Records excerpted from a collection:
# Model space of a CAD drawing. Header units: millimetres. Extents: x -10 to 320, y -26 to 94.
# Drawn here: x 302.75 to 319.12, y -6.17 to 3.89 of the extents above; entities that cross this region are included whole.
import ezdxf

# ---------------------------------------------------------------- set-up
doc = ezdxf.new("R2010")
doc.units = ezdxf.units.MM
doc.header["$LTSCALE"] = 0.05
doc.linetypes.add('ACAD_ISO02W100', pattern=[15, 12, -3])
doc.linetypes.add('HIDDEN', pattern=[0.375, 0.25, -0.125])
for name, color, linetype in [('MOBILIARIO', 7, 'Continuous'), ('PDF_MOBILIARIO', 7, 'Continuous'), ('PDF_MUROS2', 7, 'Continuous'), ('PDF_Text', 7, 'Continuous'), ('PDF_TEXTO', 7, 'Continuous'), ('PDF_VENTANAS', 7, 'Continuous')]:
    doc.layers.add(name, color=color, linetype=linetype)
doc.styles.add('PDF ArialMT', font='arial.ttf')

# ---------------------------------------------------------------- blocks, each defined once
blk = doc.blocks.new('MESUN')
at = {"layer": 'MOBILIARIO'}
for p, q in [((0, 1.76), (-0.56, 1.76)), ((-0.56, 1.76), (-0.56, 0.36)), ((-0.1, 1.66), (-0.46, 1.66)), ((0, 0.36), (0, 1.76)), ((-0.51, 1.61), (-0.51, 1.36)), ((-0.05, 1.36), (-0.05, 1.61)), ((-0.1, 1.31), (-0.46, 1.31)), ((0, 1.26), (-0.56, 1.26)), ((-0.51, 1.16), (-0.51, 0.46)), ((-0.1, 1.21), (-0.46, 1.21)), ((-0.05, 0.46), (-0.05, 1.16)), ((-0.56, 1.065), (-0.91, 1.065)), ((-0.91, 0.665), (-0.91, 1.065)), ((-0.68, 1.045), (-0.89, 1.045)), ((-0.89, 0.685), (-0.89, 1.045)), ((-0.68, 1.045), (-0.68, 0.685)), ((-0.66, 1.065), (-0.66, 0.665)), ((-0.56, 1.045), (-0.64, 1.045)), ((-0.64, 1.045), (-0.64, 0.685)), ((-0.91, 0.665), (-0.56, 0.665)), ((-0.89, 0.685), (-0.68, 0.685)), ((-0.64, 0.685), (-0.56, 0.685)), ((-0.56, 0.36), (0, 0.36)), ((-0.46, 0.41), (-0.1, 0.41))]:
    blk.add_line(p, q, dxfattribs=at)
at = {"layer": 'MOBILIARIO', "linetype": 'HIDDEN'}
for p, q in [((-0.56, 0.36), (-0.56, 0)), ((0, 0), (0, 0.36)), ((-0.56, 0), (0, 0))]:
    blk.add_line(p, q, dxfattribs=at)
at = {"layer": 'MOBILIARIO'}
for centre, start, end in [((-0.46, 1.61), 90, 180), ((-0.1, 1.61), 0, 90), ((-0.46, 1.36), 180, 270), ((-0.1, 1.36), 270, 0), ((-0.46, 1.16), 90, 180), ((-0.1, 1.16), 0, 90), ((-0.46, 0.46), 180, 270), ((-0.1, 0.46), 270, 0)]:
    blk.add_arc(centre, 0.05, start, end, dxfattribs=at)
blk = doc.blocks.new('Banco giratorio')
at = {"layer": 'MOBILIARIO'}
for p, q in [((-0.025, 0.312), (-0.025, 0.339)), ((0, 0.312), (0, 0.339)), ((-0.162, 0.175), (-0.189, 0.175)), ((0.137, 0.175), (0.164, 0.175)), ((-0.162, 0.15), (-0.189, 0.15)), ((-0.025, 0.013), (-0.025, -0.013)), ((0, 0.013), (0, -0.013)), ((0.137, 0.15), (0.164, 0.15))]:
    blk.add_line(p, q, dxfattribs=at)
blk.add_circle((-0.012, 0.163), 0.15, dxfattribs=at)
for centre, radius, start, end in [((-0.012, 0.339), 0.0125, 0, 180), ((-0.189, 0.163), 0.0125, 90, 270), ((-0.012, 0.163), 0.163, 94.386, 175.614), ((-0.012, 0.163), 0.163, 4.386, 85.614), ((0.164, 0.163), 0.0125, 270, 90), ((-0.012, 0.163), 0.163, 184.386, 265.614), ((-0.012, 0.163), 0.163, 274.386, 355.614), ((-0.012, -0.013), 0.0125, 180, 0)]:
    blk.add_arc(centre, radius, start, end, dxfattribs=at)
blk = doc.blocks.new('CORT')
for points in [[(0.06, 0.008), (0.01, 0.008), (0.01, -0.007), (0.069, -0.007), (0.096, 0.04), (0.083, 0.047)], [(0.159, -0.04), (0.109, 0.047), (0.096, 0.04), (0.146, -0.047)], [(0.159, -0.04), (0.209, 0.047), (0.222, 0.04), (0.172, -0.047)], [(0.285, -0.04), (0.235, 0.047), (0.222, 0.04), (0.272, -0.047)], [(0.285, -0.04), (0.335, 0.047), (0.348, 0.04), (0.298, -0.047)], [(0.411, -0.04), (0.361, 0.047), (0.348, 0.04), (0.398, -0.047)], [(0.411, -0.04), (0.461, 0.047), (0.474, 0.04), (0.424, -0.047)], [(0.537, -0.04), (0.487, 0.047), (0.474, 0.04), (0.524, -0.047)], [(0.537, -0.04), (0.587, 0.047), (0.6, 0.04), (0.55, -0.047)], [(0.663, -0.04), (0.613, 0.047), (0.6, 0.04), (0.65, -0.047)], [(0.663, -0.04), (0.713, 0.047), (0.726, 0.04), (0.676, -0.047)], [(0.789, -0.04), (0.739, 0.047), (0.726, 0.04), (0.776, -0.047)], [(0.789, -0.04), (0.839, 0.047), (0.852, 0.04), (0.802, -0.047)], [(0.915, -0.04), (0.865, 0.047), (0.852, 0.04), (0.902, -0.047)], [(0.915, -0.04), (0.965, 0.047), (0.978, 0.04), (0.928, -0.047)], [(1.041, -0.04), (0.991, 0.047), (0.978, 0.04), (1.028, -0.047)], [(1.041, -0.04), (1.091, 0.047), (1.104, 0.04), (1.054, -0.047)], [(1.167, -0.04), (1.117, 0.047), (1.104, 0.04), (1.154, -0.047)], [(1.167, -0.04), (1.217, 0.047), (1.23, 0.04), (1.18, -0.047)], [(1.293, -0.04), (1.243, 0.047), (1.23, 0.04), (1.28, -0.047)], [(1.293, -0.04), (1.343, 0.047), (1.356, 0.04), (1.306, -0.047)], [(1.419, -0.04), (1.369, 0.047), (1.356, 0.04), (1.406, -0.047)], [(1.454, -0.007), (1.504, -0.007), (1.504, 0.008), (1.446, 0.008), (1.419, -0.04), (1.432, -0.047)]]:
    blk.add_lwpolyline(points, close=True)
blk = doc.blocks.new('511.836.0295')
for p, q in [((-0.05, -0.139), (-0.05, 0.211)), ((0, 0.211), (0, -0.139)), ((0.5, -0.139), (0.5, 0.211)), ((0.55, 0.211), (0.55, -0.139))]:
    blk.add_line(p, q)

## Goal of the exercise
Make a copy of each line in the records above that has the word "name".

## Answer to this exercise
for name, color, linetype in [('MOBILIARIO', 7, 'Continuous'), ('PDF_MOBILIARIO', 7, 'Continuous'), ('PDF_MUROS2', 7, 'Continuous'), ('PDF_Text', 7, 'Continuous'), ('PDF_TEXTO', 7, 'Continuous'), ('PDF_VENTANAS', 7, 'Continuous')]:
    doc.layers.add(name, color=color, linetype=linetype)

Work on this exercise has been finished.